To further verify that GLP could antagonize UVB-induced melanogenesis, human melanocyte PIG1 cells were used for reconfirmation. After exposure of PIG1 cells to UVB irradiation, the expression of MITF, TYR, TYRP1, TYRP2, Myosin, and Rab27A were upregulated (Figure 5b), and the phosphorylation levels of CREB, ERK, JNK, and P38 increased significantly. In comparison, an opposite trend was found in the UVB+GLP group. GLP alone had no significant effect on the melanogenesis genes and phosphorylation levels of CREB, ERK, JNK, and P38 in PIG1 cells. These results suggest that GLP can antagonize UVB-induced melanogenesis in PIG1 cells by inhibiting the PKA and MAPK signaling pathways.
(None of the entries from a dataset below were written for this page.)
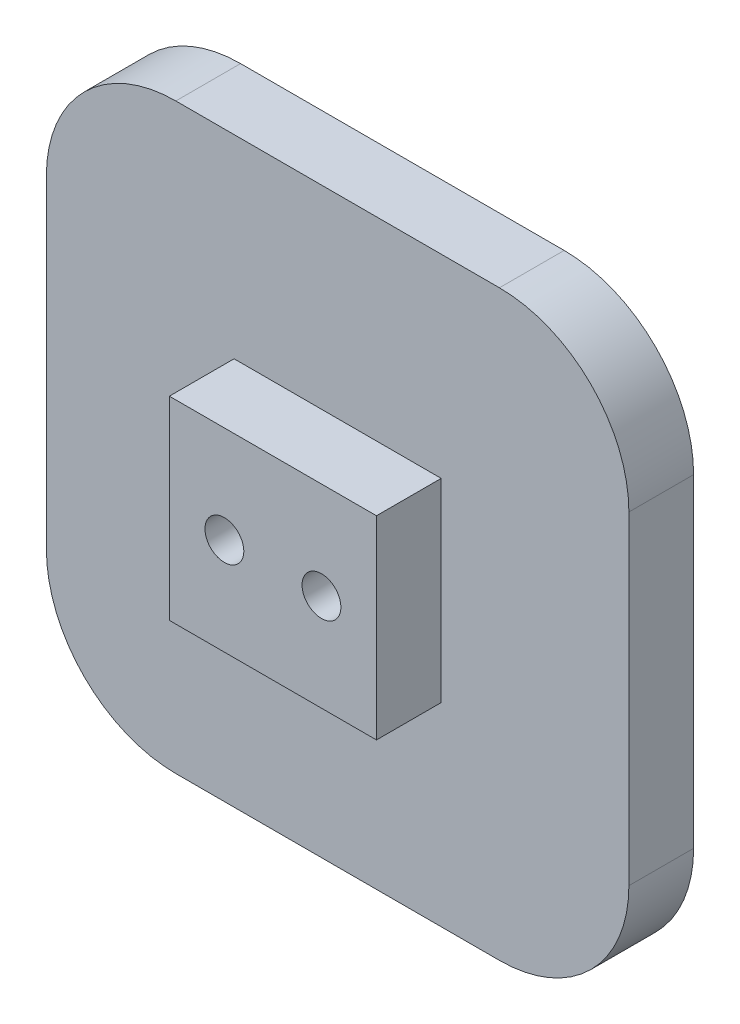
SolidWorks part; units mm, degrees
ref_plane "Ön Düzlem" through (0, 0, 0) normal (0, 0, 1) x (1, 0, 0)
ref_plane "Üst Düzlem" through (0, 0, 0) normal (0, 1, 0) x (1, 0, 0)
ref_plane "Sağ Düzlem" through (0, 0, 0) normal (1, 0, 0) x (0, 0, -1)
sketch "Çizim1" plane through (0, 0, 0) normal (0, 0, 1) x (1, 0, 0)
  line L0 (-41.5414, -1.1109) -> (-41.5414, 48.8891)
  line L1 (-21.5414, 68.8891) -> (28.4586, 68.8891)
  line L2 (-21.5414, -21.1109) -> (28.4586, -21.1109)
  line L3 (48.4586, -1.1109) -> (48.4586, 48.8891)
  arc A0 (-21.5414, 68.8891) -> (-41.5414, 48.8891) centre (-21.5414, 48.8891) ccw
  arc A1 (28.4586, 68.8891) -> (48.4586, 48.8891) centre (28.4586, 48.8891) cw
  arc A2 (28.4586, -21.1109) -> (48.4586, -1.1109) centre (28.4586, -1.1109) ccw
  arc A3 (-21.5414, -21.1109) -> (-41.5414, -1.1109) centre (-21.5414, -1.1109) cw
extrude "Yükseklik-Ekstrüzyon1" add sketch "Çizim1" along normal blind 20
sketch "Sketch1" plane through (0, 0, 0) normal (0, 0, 1) x (1, 0, 0)
  circle A0 centre (-4.0414, 23.8891) radius 2.5
  circle A1 centre (10.9586, 23.8891) radius 2.5
extrude "Cut-Extrude1" cut sketch "Sketch1" along normal blind 44 and the other way blind 10
sketch "Sketch2" plane through (0, 0, 0) normal (0, 0, 1) x (1, 0, 0)
  line L0 (-12.5414, 38.8891) -> (19.4586, 38.8891)
  line L3 (19.4586, 38.8891) -> (19.4586, 68.8891)
  line L4 (28.4586, 68.8891) -> (-21.5414, 68.8891) construction
  line L5 (19.4586, 68.8891) -> (-12.5414, 68.8891)
  line L6 (-12.5414, 68.8891) -> (-12.5414, 38.8891)
extrude "Cut-Extrude3" cut sketch "Sketch2" along normal blind 27
sketch "Sketch3" plane through (0, 0, 0) normal (0, 0, 1) x (1, 0, 0)
  line L1 (-12.5414, 38.8891) -> (19.4586, 38.8891)
  line L2 (-12.5414, 38.8891) -> (-12.5414, 68.8891)
  line L3 (-12.5414, 68.8891) -> (19.4586, 68.8891)
  line L4 (19.4586, 38.8891) -> (19.4586, 68.8891)
extrude "Boss-Extrude1" add sketch "Sketch3" along normal blind 16
sketch "Sketch4" plane through (0, 0, 0) normal (0, 0, 1) x (1, 0, 0)
  line L1 (15.6929, 23.8891) -> (13.3258, 27.9891)
  line L2 (13.3258, 27.9891) -> (8.5915, 27.9891)
  line L3 (8.5915, 27.9891) -> (6.2244, 23.8891)
  line L4 (6.2244, 23.8891) -> (8.5915, 19.7891)
  line L5 (8.5915, 19.7891) -> (13.3258, 19.7891)
  line L6 (13.3258, 19.7891) -> (15.6929, 23.8891)
  line L7 (0.6929, 23.8891) -> (-1.6742, 27.9891)
  line L8 (-1.6742, 27.9891) -> (-6.4085, 27.9891)
  line L9 (-6.4085, 27.9891) -> (-8.7756, 23.8891)
  line L10 (-8.7756, 23.8891) -> (-6.4085, 19.7891)
  line L11 (-6.4085, 19.7891) -> (-1.6742, 19.7891)
  line L12 (-1.6742, 19.7891) -> (0.6929, 23.8891)
  circle A0 centre (10.9586, 23.8891) radius 4.1 construction
  circle A2 centre (-4.0414, 23.8891) radius 4.1 construction
extrude "Cut-Extrude4" cut sketch "Sketch4" along normal blind 4
sketch "Sketch5" plane through (0, 0, 0) normal (0, 0, 1) x (1, 0, 0)
  line L1 (18.9616, 32.8218) -> (-14.5543, 32.8218)
  line L2 (18.9616, 32.8218) -> (18.9616, 14.5135)
  line L3 (18.9616, 14.5135) -> (-14.5543, 14.5135)
  line L4 (-14.5543, 32.8218) -> (-14.5543, 14.5135)
extrude "Boss-Extrude2" add sketch "Sketch5" along normal blind 10
sketch "Sketch6" plane through (0, 0, 0) normal (0, 0, 1) x (1, 0, 0)
  circle A0 centre (-4.0414, 23.8891) radius 2.5
  circle A1 centre (10.9586, 23.8891) radius 2.5
extrude "Cut-Extrude5" cut sketch "Sketch6" against normal blind 25 and the other way blind 53
sketch "Sketch7" plane through (0, 0, 0) normal (0, 0, 1) x (1, 0, 0)
  line L2 (-12.5414, 68.8891) -> (-49.0364, 68.8891)
  line L3 (-12.5414, 68.8891) -> (-12.5414, -22.5963)
  line L4 (-12.5414, -22.5963) -> (-49.0364, -22.5963)
  line L5 (-49.0364, 68.8891) -> (-49.0364, -22.5963)
  line L6 (19.4586, 68.8891) -> (57.7649, 68.8891)
  line L7 (19.4586, 68.8891) -> (19.4586, -22.5963)
  line L8 (19.4586, -22.5963) -> (57.7649, -22.5963)
  line L9 (57.7649, 68.8891) -> (57.7649, -22.5963)
extrude "Cut-Extrude7" cut sketch "Sketch7" along normal blind 30
sketch "Sketch8" plane through (0, 0, 0) normal (0, 0, 1) x (1, 0, 0)
  line L0 (-41.5414, 68.8891) -> (-12.5414, 68.8891)
  line L1 (19.4586, 68.8891) -> (48.4586, 68.8891)
  line L3 (-41.5414, 68.8891) -> (-41.5414, -21.1109)
  line L4 (-41.5414, -21.1109) -> (-12.5414, -21.1109)
  line L5 (-12.5414, 68.8891) -> (-12.5414, -21.1109)
  line L8 (48.4586, 68.8891) -> (48.4586, -21.1109)
  line L9 (48.4586, -21.1109) -> (19.4586, -21.1109)
  line L10 (19.4586, 68.8891) -> (19.4586, -21.1109)
extrude "Boss-Extrude3" add sketch "Sketch8" along normal blind 10
sketch "Sketch9" plane through (0, 0, 0) normal (0, 0, 1) x (1, 0, 0)
  line L0 (-41.5414, 68.8891) -> (-21.5414, 68.8891)
  line L1 (-12.5414, 68.8891) -> (-41.5414, 68.8891) construction
  line L3 (-41.5414, 68.8891) -> (-41.5414, 48.8891)
  line L9 (48.4586, 68.8891) -> (48.4586, 48.8891)
  line L10 (48.4586, 68.8891) -> (28.4586, 68.8891)
  line L11 (48.4586, -21.1109) -> (28.4586, -21.1109)
  line L12 (48.4586, -21.1109) -> (48.4586, -1.1109)
  line L13 (-41.5414, -21.1109) -> (-41.5414, -1.1109)
  line L14 (-41.5414, -21.1109) -> (-21.5414, -21.1109)
  arc A0 (-21.5414, 68.8891) -> (-41.5414, 48.8891) centre (-21.5414, 48.8891) ccw
  arc A1 (28.4586, 68.8891) -> (48.4586, 48.8891) centre (28.4586, 48.8891) cw
  arc A2 (28.4586, -21.1109) -> (48.4586, -1.1109) centre (28.4586, -1.1109) ccw
  arc A3 (-21.5414, -21.1109) -> (-41.5414, -1.1109) centre (-21.5414, -1.1109) cw
extrude "Cut-Extrude8" cut sketch "Sketch9" along normal blind 10
sketch "Sketch10" plane through (0, 0, 0) normal (0, 0, 1) x (1, 0, 0)
  line L0 (19.4586, 38.8891) -> (19.4586, -21.1109) construction
  line L1 (-12.5414, 68.8891) -> (19.4586, 68.8891)
  line L2 (-12.5414, 68.8891) -> (-12.5414, 38.8891)
  line L3 (-12.5414, 38.8891) -> (19.4586, 38.8891)
  line L4 (19.4586, 68.8891) -> (19.4586, 38.8891)
  line L5 (-12.5414, -21.1109) -> (19.4586, -21.1109)
  line L6 (-12.5414, -21.1109) -> (-12.5414, 8.8891)
  line L7 (-12.5414, 8.8891) -> (19.4586, 8.8891)
  line L8 (19.4586, -21.1109) -> (19.4586, 8.8891)
extrude "Cut-Extrude9" cut sketch "Sketch10" along normal blind 28
sketch "Sketch11" plane through (0, 0, 0) normal (0, 0, 1) x (1, 0, 0)
  line L1 (-12.5414, 38.8891) -> (19.4586, 38.8891)
  line L2 (-12.5414, 38.8891) -> (-12.5414, 68.8891)
  line L3 (-12.5414, 68.8891) -> (19.4586, 68.8891)
  line L4 (19.4586, 38.8891) -> (19.4586, 68.8891)
  line L5 (-12.5414, 8.8891) -> (19.4586, 8.8891)
  line L6 (-12.5414, 8.8891) -> (-12.5414, -21.1109)
  line L7 (-12.5414, -21.1109) -> (19.4586, -21.1109)
  line L8 (19.4586, 8.8891) -> (19.4586, -21.1109)
extrude "Boss-Extrude4" add sketch "Sketch11" along normal blind 10
sketch "Sketch12" plane through (0, 0, 0) normal (0, 0, 1) x (1, 0, 0)
  circle A0 centre (-4.0414, 23.8891) radius 3
  circle A1 centre (10.9586, 23.8891) radius 3
extrude "Cut-Extrude10" cut sketch "Sketch12" along normal blind 22
sketch "Sketch13" plane through (0, 0, 0) normal (0, 0, 1) x (1, 0, 0)
  circle A0 centre (10.9586, 23.8891) radius 6
  circle A1 centre (-4.0414, 23.8891) radius 6
extrude "Cut-Extrude11" cut sketch "Sketch13" along normal blind 5

3.6 GLP antagonizing UVB-induced skin pigmentation in vivo

To explore whether GLP can antagonize UVB-induced pigmentation in vivo, a UVB-induced pigmentation model was constructed by treating zebrafish with UVB irradiation. After treatment of zebrafish juveniles with UVB irradiation for 5 days, increase in melanin content was observed. Compared with the UVB group, the melanin content in the UVB+GLP group experienced a downward trend (Figure 6a). To explore whether GLP was capable of sunscreen, depilated guinea pigs were irradiated with UVB, which resulted in obvious sunburn damage and erythema reaction. Compared with the UVB group, the guinea pigs in the UVB+GLP group suffered less sunburn damage and erythema reaction (Figure 6b). The results obtained in vivo confirmed GLP could antagonize UVB-induced pigmentation and sunburn reactions. At the same time, GLP could also antagonize UVB-induced pigmentation in KM mice (Supporting Information Figure 1).